### Task brief:
Look through the entries that follow and count the lines with the word "lineweight". The reply is that number alone.

Data extracted from a collection
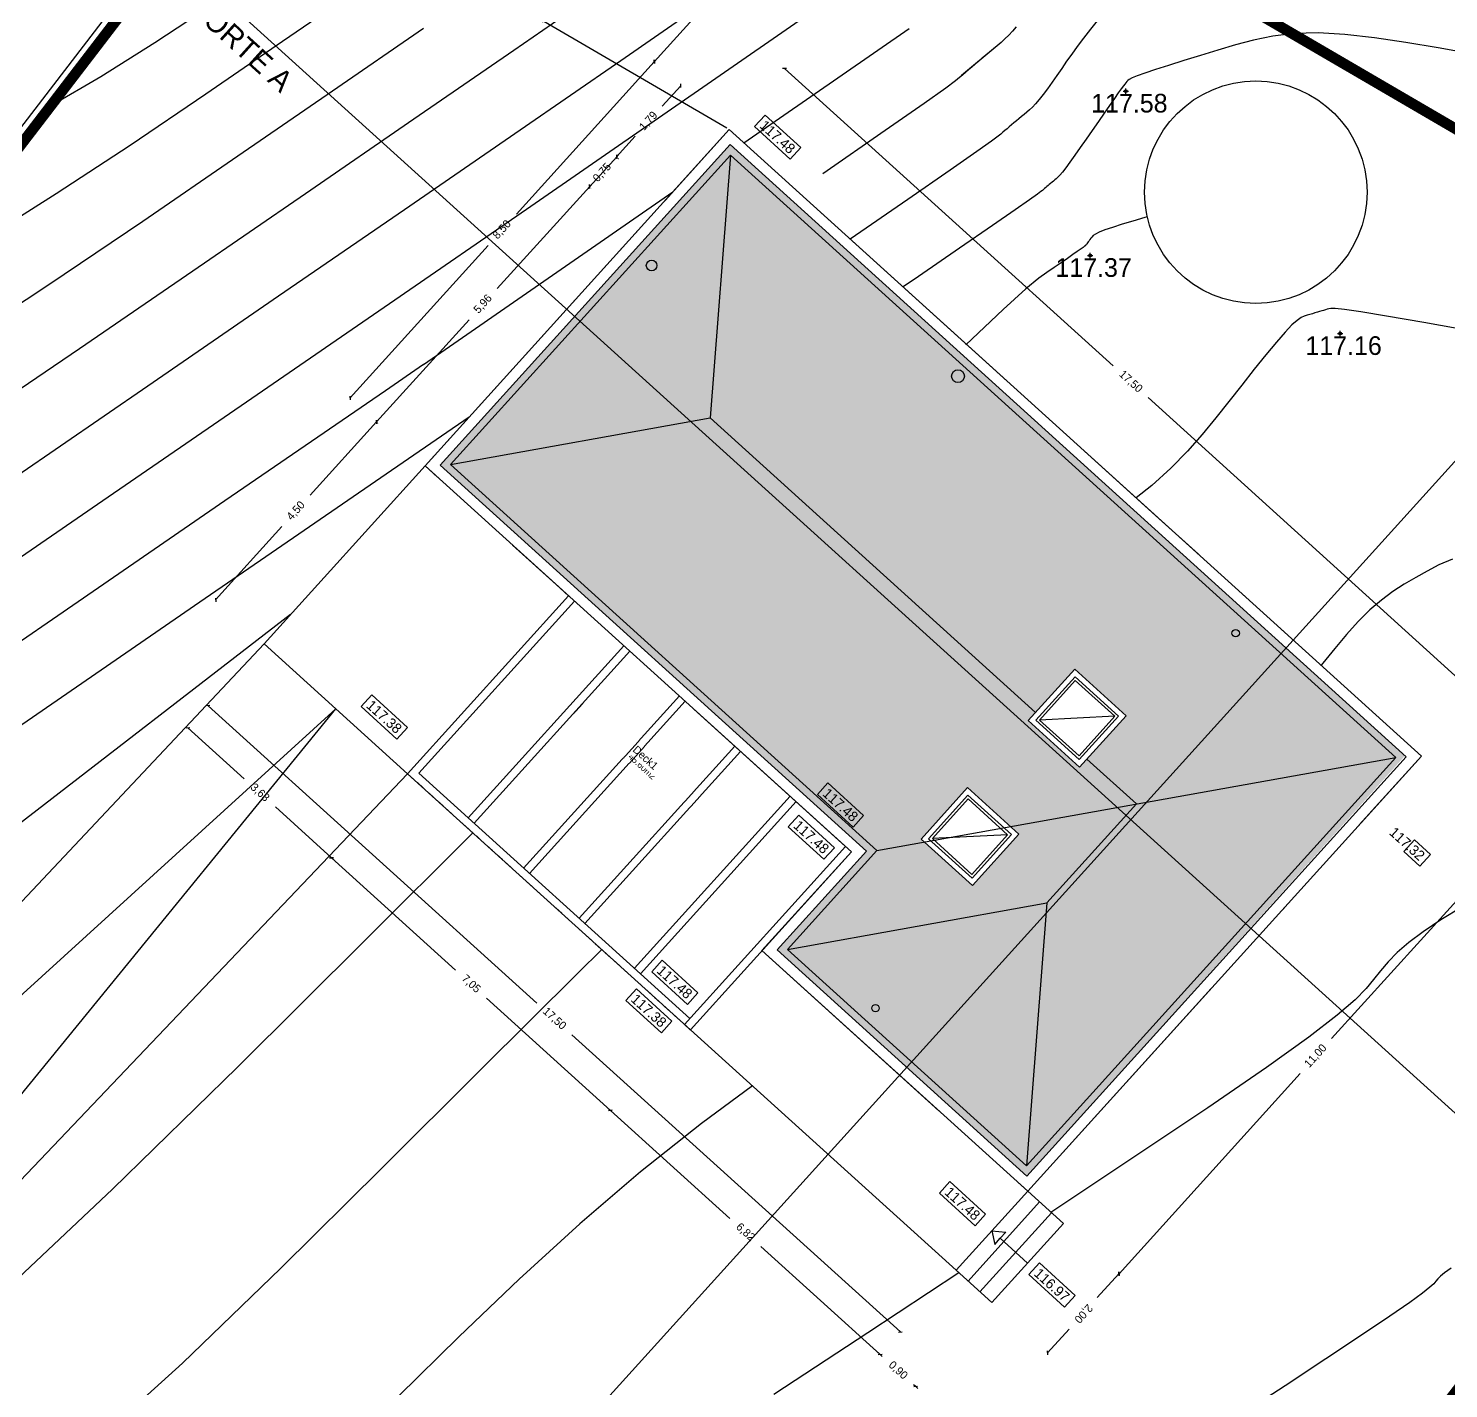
# Model space of a CAD drawing. Extents: x -196763 to -87592, y -65703 to -55832.
# Drawn here: x -87674.39 to -87647.76, y -65452.99 to -65427.5 of the extents above; entities that cross this region are included whole.
import ezdxf
from ezdxf.enums import TextEntityAlignment as Align

# ---------------------------------------------------------------- set-up
doc = ezdxf.new("R2010")
doc.units = 0
doc.header["$MEASUREMENT"] = 0
doc.header["$PDMODE"] = 34
doc.header["$PDSIZE"] = 0.05
doc.linetypes.add('DASHED', pattern=[70, 50, -20])
doc.layers.add('0_Limites_Terreno', color=30, linetype='DASHED', lineweight=35)
for name, color, linetype in [('0_PROP.aux', 6, 'Continuous'), ('0_PROP.aux.cotas', 30, 'Continuous'), ('0_pROP.aux.legenda', 7, 'Continuous'), ('0_PROP.corte', 10, 'Continuous'), ('0_PROP.corte.vaos', 160, 'Continuous'), ('0_PROP.trama', 251, 'Continuous'), ('0_PROP.vista1', 251, 'Continuous'), ('0_PROP.vista4', 140, 'Continuous'), ('0_PROPfinal', 4, 'Continuous'), ('CV', 8, 'Continuous'), ('CVD', 6, 'Continuous'), ('LEVTP_MURO', 1, 'Continuous'), ('POINTS', 2, 'Continuous'), ('Z', 1, 'Continuous')]:
    doc.layers.add(name, color=color, linetype=linetype)
doc.styles.add('creativespace', font='GOTHIC.TTF')
doc.dimstyles.new('creativespace', dxfattribs={"dimtxt": 0.15, "dimasz": 0.05, "dimexe": 0.05, "dimexo": 0.05, "dimgap": 0.2, "dimtad": 0, "dimtoh": 1, "dimzin": 1, "dimtxsty": 'creativespace', "dimblk": 'OBLIQUE', "dimcen": 0, "dimclrd": 251, "dimclre": 256, "dimclrt": 30, "dimazin": 3, "dimtfac": 1, "dimtmove": 0, "dimatfit": 3, "dimldrblk": 'OBLIQUE', "dimfxl": 1, "dimlwd": -1, "dimlwe": -1, "dimarcsym": 0})

# ---------------------------------------------------------------- blocks, each defined once
blk = doc.blocks.new('_Oblique')
at = {"color": 0, "linetype": 'ByBlock', "lineweight": -2}
blk.add_line((-0.5, -0.5), (0.5, 0.5), dxfattribs=at)
blk = doc.blocks.new('*D221')
at = {"layer": '0_PROP.aux.cotas', "color": 251, "transparency": 16777216}
for p, q in [((-87671.397, -65440.612), (-87670.345, -65441.563)), ((-87668.707, -65443.045), (-87669.759, -65442.093))]:
    blk.add_line(p, q, dxfattribs=at)
at = {"layer": 'DEFPOINTS', "color": 0, "transparency": 16777216}
for p in [(-87671.397, -65440.612), (-87668.707, -65443.045), (-87668.707, -65443.045)]:
    blk.add_point(p, dxfattribs=at)
at = {"layer": '0_PROP.aux.cotas', "color": 251, "transparency": 16777216, "xscale": 0.05, "yscale": 0.05, "zscale": 0.05}
for p, rotation in [((-87671.397, -65440.612), 137.8568863659019), ((-87668.707, -65443.045), 317.8568863659019)]:
    blk.add_blockref('_Oblique', p, dxfattribs=dict(at, rotation=rotation))
at = {"layer": '0_PROP.aux.cotas', "color": 30, "transparency": 16777216, "insert": (-87670.052, -65441.828), "char_height": 0.15, "attachment_point": 5, "rotation": 317.8569, "style": 'creativespace'}
blk.add_mtext('3,63', dxfattribs=at)
blk = doc.blocks.new('*D222')
at = {"layer": '0_PROP.aux.cotas', "color": 251, "transparency": 16777216}
for p, q in [((-87668.707, -65443.045), (-87666.382, -65445.15)), ((-87663.477, -65447.779), (-87665.803, -65445.674))]:
    blk.add_line(p, q, dxfattribs=at)
at = {"layer": '0_PROP.aux.cotas', "transparency": 16777216}
blk.add_line((-87668.674, -65443.008), (-87668.674, -65443.008), dxfattribs=at)
at = {"layer": 'DEFPOINTS', "color": 0, "transparency": 16777216}
for p in [(-87668.707, -65443.045), (-87663.477, -65447.779), (-87663.477, -65447.779)]:
    blk.add_point(p, dxfattribs=at)
at = {"layer": '0_PROP.aux.cotas', "color": 251, "transparency": 16777216, "xscale": 0.05, "yscale": 0.05, "zscale": 0.05}
for p, rotation in [((-87668.707, -65443.045), 137.856957847918), ((-87663.477, -65447.779), 317.856957847918)]:
    blk.add_blockref('_Oblique', p, dxfattribs=dict(at, rotation=rotation))
at = {"layer": '0_PROP.aux.cotas', "color": 30, "transparency": 16777216, "insert": (-87666.092, -65445.412), "char_height": 0.15, "attachment_point": 5, "rotation": 317.857, "style": 'creativespace'}
blk.add_mtext('7,05', dxfattribs=at)
blk = doc.blocks.new('*D223')
at = {"layer": '0_PROP.aux.cotas', "color": 251, "transparency": 16777216}
for p, q in [((-87663.477, -65447.779), (-87661.239, -65449.803)), ((-87658.421, -65452.353), (-87660.659, -65450.329))]:
    blk.add_line(p, q, dxfattribs=at)
at = {"layer": 'DEFPOINTS', "color": 0, "transparency": 16777216}
for p in [(-87663.477, -65447.779), (-87658.421, -65452.353), (-87658.421, -65452.353)]:
    blk.add_point(p, dxfattribs=at)
at = {"layer": '0_PROP.aux.cotas', "color": 251, "transparency": 16777216, "xscale": 0.05, "yscale": 0.05, "zscale": 0.05}
for p, rotation in [((-87663.477, -65447.779), 137.856957847918), ((-87658.421, -65452.353), 317.856957847918)]:
    blk.add_blockref('_Oblique', p, dxfattribs=dict(at, rotation=rotation))
at = {"layer": '0_PROP.aux.cotas', "color": 30, "transparency": 16777216, "insert": (-87660.949, -65450.066), "char_height": 0.15, "attachment_point": 5, "rotation": 317.857, "style": 'creativespace'}
blk.add_mtext('6,82', dxfattribs=at)
blk = doc.blocks.new('*D224')
at = {"layer": '0_PROP.aux.cotas', "color": 251, "transparency": 16777216}
for p, q in [((-87671.02, -65440.196), (-87664.858, -65445.767)), ((-87658.04, -65451.932), (-87664.202, -65446.361))]:
    blk.add_line(p, q, dxfattribs=at)
at = {"layer": 'DEFPOINTS', "color": 0, "transparency": 16777216}
for p in [(-87671.02, -65440.196), (-87658.04, -65451.932), (-87658.04, -65451.932)]:
    blk.add_point(p, dxfattribs=at)
at = {"layer": '0_PROP.aux.cotas', "color": 251, "transparency": 16777216, "xscale": 0.05, "yscale": 0.05, "zscale": 0.05}
for p, rotation in [((-87671.02, -65440.196), 137.879987064216), ((-87658.04, -65451.932), 317.8799870642161)]:
    blk.add_blockref('_Oblique', p, dxfattribs=dict(at, rotation=rotation))
at = {"layer": '0_PROP.aux.cotas', "color": 30, "transparency": 16777216, "insert": (-87664.53, -65446.064), "char_height": 0.15, "attachment_point": 5, "rotation": 317.88, "style": 'creativespace'}
blk.add_mtext('17,50', dxfattribs=at)
blk = doc.blocks.new('*D225')
at = {"layer": '0_PROP.aux.cotas', "color": 251, "transparency": 16777216}
for p, q in [((-87658.421, -65452.353), (-87658.458, -65452.32)), ((-87658.421, -65452.353), (-87658.381, -65452.39)), ((-87657.754, -65452.957), (-87657.794, -65452.921)), ((-87657.754, -65452.957), (-87657.717, -65452.991))]:
    blk.add_line(p, q, dxfattribs=at)
at = {"layer": 'DEFPOINTS', "color": 0, "transparency": 16777216}
for p in [(-87658.421, -65452.353), (-87657.754, -65452.957), (-87657.754, -65452.957)]:
    blk.add_point(p, dxfattribs=at)
at = {"layer": '0_PROP.aux.cotas', "color": 251, "transparency": 16777216, "xscale": 0.05, "yscale": 0.05, "zscale": 0.05}
for p, rotation in [((-87658.421, -65452.353), 317.856957847918), ((-87657.754, -65452.957), 137.856957847918)]:
    blk.add_blockref('_Oblique', p, dxfattribs=dict(at, rotation=rotation))
at = {"layer": '0_PROP.aux.cotas', "color": 30, "transparency": 16777216, "insert": (-87658.088, -65452.655), "char_height": 0.15, "attachment_point": 5, "rotation": 317.857, "style": 'creativespace'}
blk.add_mtext('0,90', dxfattribs=at)
blk = doc.blocks.new('*D226')
at = {"layer": '0_PROP.aux.cotas', "color": 251, "transparency": 16777216}
for p, q in [((-87662.655, -65428.126), (-87665.241, -65430.983)), ((-87668.358, -65434.428), (-87665.772, -65431.57))]:
    blk.add_line(p, q, dxfattribs=at)
at = {"layer": 'DEFPOINTS', "color": 0, "transparency": 16777216}
for p in [(-87662.655, -65428.126), (-87668.358, -65434.428), (-87668.358, -65434.428)]:
    blk.add_point(p, dxfattribs=at)
at = {"layer": '0_PROP.aux.cotas', "color": 251, "transparency": 16777216, "xscale": 0.05, "yscale": 0.05, "zscale": 0.05}
for p, rotation in [((-87662.655, -65428.126), 47.85695784791795), ((-87668.358, -65434.428), 227.856957847918)]:
    blk.add_blockref('_Oblique', p, dxfattribs=dict(at, rotation=rotation))
at = {"layer": '0_PROP.aux.cotas', "color": 30, "transparency": 16777216, "insert": (-87665.506, -65431.277), "char_height": 0.15, "attachment_point": 5, "rotation": 47.857, "style": 'creativespace'}
blk.add_mtext('8,50', dxfattribs=at)
blk = doc.blocks.new('*D227')
at = {"layer": '0_PROP.aux.cotas', "color": 251, "transparency": 16777216}
for p, q in [((-87663.862, -65430.465), (-87663.359, -65429.909)), ((-87663.359, -65429.909), (-87663.325, -65429.872)), ((-87663.862, -65430.465), (-87663.896, -65430.502))]:
    blk.add_line(p, q, dxfattribs=at)
at = {"layer": '0_PROP.aux.cotas', "transparency": 16777216}
for p, q in [((-87663.325, -65429.94), (-87663.322, -65429.942)), ((-87663.828, -65430.496), (-87663.825, -65430.498))]:
    blk.add_line(p, q, dxfattribs=at)
at = {"layer": 'DEFPOINTS', "color": 0, "transparency": 16777216}
for p in [(-87663.362, -65429.906), (-87663.359, -65429.909), (-87663.865, -65430.462)]:
    blk.add_point(p, dxfattribs=at)
at = {"layer": '0_PROP.aux.cotas', "color": 251, "transparency": 16777216, "xscale": 0.05, "yscale": 0.05, "zscale": 0.05}
for p, rotation in [((-87663.359, -65429.909), 227.856957847918), ((-87663.862, -65430.465), 47.85695784791795)]:
    blk.add_blockref('_Oblique', p, dxfattribs=dict(at, rotation=rotation))
at = {"layer": '0_PROP.aux.cotas', "color": 30, "transparency": 16777216, "insert": (-87663.628, -65430.206), "char_height": 0.15, "attachment_point": 5, "rotation": 47.857, "style": 'creativespace'}
blk.add_mtext('0,75', dxfattribs=at)
blk = doc.blocks.new('*D228')
at = {"layer": '0_PROP.aux.cotas', "color": 251, "transparency": 16777216}
for p, q in [((-87662.158, -65428.575), (-87662.504, -65428.958)), ((-87663.362, -65429.906), (-87663.016, -65429.523))]:
    blk.add_line(p, q, dxfattribs=at)
at = {"layer": 'DEFPOINTS', "color": 0, "transparency": 16777216}
for p in [(-87662.158, -65428.575), (-87662.158, -65428.575), (-87663.362, -65429.906)]:
    blk.add_point(p, dxfattribs=at)
at = {"layer": '0_PROP.aux.cotas', "color": 251, "transparency": 16777216, "xscale": 0.05, "yscale": 0.05, "zscale": 0.05}
for p, rotation in [((-87662.158, -65428.575), 47.85695784791795), ((-87663.362, -65429.906), 227.856957847918)]:
    blk.add_blockref('_Oblique', p, dxfattribs=dict(at, rotation=rotation))
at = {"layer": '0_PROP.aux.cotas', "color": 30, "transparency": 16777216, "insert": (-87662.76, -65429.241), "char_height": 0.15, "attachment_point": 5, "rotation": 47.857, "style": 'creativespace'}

### Written reply:
2